Goal of the exercise →
The line containing "mat_material.use_transparent_shadow = False" marks the end: copy exactly every line from the start of the records below up to and including it, leaving out pictures.

[Entries taken from a collection]
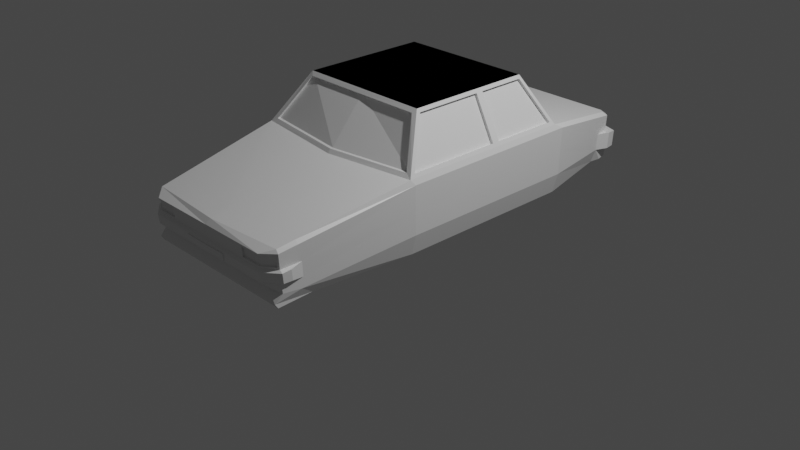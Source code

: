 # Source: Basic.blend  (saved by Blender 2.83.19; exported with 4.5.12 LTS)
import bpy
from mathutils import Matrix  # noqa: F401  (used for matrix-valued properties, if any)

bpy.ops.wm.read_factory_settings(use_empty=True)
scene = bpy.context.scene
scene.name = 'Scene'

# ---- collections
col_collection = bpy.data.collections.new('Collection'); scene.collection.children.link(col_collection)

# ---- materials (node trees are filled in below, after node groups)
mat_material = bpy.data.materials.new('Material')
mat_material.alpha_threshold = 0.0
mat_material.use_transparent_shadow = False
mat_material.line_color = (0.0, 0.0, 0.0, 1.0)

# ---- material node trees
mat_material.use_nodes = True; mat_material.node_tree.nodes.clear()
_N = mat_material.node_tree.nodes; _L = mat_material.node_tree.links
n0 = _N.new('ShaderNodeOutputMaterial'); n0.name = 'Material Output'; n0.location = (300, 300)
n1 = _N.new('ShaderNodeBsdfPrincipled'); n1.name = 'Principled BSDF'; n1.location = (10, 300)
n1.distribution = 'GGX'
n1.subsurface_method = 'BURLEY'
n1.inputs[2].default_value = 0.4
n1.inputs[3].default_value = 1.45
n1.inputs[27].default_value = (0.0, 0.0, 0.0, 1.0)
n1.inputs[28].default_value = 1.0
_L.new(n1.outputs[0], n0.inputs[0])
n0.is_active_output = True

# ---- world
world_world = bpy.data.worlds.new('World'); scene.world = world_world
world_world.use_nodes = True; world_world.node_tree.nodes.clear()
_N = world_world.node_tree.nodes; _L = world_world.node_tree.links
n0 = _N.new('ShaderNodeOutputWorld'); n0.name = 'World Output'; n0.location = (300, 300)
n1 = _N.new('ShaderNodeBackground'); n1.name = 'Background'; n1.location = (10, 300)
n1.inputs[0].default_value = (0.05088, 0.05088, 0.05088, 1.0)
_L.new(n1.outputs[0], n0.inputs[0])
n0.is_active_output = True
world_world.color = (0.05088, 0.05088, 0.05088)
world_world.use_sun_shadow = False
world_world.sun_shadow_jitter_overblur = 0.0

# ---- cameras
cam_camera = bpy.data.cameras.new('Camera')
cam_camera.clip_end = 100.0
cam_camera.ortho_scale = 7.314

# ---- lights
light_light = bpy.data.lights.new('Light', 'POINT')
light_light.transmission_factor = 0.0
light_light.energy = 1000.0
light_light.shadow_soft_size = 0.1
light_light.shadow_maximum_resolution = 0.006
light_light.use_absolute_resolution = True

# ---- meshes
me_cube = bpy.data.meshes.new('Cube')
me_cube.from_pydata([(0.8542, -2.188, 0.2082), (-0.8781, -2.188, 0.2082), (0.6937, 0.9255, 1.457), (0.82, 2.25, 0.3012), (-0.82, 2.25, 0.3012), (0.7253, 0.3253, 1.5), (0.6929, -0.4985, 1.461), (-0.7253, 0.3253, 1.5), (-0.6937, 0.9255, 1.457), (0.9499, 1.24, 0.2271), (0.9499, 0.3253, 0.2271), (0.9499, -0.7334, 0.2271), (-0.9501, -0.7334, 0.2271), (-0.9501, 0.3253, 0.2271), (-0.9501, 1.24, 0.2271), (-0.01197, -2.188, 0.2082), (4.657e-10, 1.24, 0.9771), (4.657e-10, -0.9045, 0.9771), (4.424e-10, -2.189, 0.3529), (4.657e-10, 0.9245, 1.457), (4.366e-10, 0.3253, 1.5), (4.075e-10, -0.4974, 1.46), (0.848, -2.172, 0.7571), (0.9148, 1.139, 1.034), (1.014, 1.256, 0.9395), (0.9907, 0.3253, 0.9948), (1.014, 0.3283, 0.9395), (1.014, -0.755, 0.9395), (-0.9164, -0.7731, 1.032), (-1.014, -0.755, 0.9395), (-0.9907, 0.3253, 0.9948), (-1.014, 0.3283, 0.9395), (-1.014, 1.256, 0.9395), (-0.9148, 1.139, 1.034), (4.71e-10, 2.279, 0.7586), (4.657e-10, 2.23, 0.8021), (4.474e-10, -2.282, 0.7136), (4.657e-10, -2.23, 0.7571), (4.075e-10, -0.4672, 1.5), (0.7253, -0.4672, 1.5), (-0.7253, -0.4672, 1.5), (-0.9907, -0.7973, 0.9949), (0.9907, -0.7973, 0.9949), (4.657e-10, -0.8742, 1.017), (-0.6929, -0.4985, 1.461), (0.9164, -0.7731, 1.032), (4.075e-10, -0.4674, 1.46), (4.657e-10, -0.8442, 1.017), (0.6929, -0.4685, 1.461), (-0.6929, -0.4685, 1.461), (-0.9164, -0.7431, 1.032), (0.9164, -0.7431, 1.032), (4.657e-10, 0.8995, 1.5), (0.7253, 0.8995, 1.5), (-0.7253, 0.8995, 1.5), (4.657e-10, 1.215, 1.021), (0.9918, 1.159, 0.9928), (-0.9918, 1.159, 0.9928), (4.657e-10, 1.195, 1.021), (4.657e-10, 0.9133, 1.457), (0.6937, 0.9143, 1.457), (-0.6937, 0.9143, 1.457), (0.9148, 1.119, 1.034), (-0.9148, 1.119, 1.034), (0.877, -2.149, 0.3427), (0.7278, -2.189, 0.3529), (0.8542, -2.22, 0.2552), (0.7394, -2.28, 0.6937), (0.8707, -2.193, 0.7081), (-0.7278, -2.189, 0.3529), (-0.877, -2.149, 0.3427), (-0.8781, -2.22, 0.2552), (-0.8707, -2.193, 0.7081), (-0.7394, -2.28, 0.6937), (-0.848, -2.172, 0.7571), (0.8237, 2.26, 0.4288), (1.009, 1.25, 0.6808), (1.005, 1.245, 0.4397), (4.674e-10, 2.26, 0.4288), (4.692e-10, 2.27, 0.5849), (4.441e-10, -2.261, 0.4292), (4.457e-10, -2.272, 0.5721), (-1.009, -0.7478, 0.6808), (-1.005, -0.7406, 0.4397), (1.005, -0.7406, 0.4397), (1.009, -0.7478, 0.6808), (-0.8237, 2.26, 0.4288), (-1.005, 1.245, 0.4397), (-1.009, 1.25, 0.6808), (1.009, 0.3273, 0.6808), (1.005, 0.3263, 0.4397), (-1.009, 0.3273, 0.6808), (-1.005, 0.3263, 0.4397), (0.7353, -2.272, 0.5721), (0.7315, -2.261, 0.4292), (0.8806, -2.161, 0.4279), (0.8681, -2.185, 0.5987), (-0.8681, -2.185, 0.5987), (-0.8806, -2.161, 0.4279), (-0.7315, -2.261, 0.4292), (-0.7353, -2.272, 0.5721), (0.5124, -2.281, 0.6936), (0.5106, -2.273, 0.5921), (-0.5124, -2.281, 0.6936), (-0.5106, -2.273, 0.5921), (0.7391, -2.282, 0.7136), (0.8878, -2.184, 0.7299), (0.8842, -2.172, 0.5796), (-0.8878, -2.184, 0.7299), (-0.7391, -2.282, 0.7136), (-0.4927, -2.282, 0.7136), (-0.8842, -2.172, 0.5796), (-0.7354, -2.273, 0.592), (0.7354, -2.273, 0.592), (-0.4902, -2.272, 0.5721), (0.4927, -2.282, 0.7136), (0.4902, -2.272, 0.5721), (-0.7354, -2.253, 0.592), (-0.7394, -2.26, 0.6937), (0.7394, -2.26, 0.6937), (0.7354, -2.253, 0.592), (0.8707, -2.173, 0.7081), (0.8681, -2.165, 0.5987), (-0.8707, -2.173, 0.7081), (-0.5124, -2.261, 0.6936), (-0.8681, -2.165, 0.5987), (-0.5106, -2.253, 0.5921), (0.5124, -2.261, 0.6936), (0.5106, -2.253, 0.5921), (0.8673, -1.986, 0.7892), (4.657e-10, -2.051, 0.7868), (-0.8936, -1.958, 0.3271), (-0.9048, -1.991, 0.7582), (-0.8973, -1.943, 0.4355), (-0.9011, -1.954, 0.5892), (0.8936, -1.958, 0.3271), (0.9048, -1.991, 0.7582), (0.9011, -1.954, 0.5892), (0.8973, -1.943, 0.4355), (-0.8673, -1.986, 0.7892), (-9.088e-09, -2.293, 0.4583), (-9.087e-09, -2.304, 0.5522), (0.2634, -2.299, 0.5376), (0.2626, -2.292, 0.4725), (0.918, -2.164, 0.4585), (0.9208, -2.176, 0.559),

Result for this task →
Source code

: # Source: Basic.blend  (saved by Blender 2.83.19; exported with 4.5.12 LTS)
import bpy
from mathutils import Matrix  # noqa: F401  (used for matrix-valued properties, if any)

bpy.ops.wm.read_factory_settings(use_empty=True)
scene = bpy.context.scene
scene.name = 'Scene'

# ---- collections
col_collection = bpy.data.collections.new('Collection'); scene.collection.children.link(col_collection)

# ---- materials (node trees are filled in below, after node groups)
mat_material = bpy.data.materials.new('Material')
mat_material.alpha_threshold = 0.0
mat_material.use_transparent_shadow = False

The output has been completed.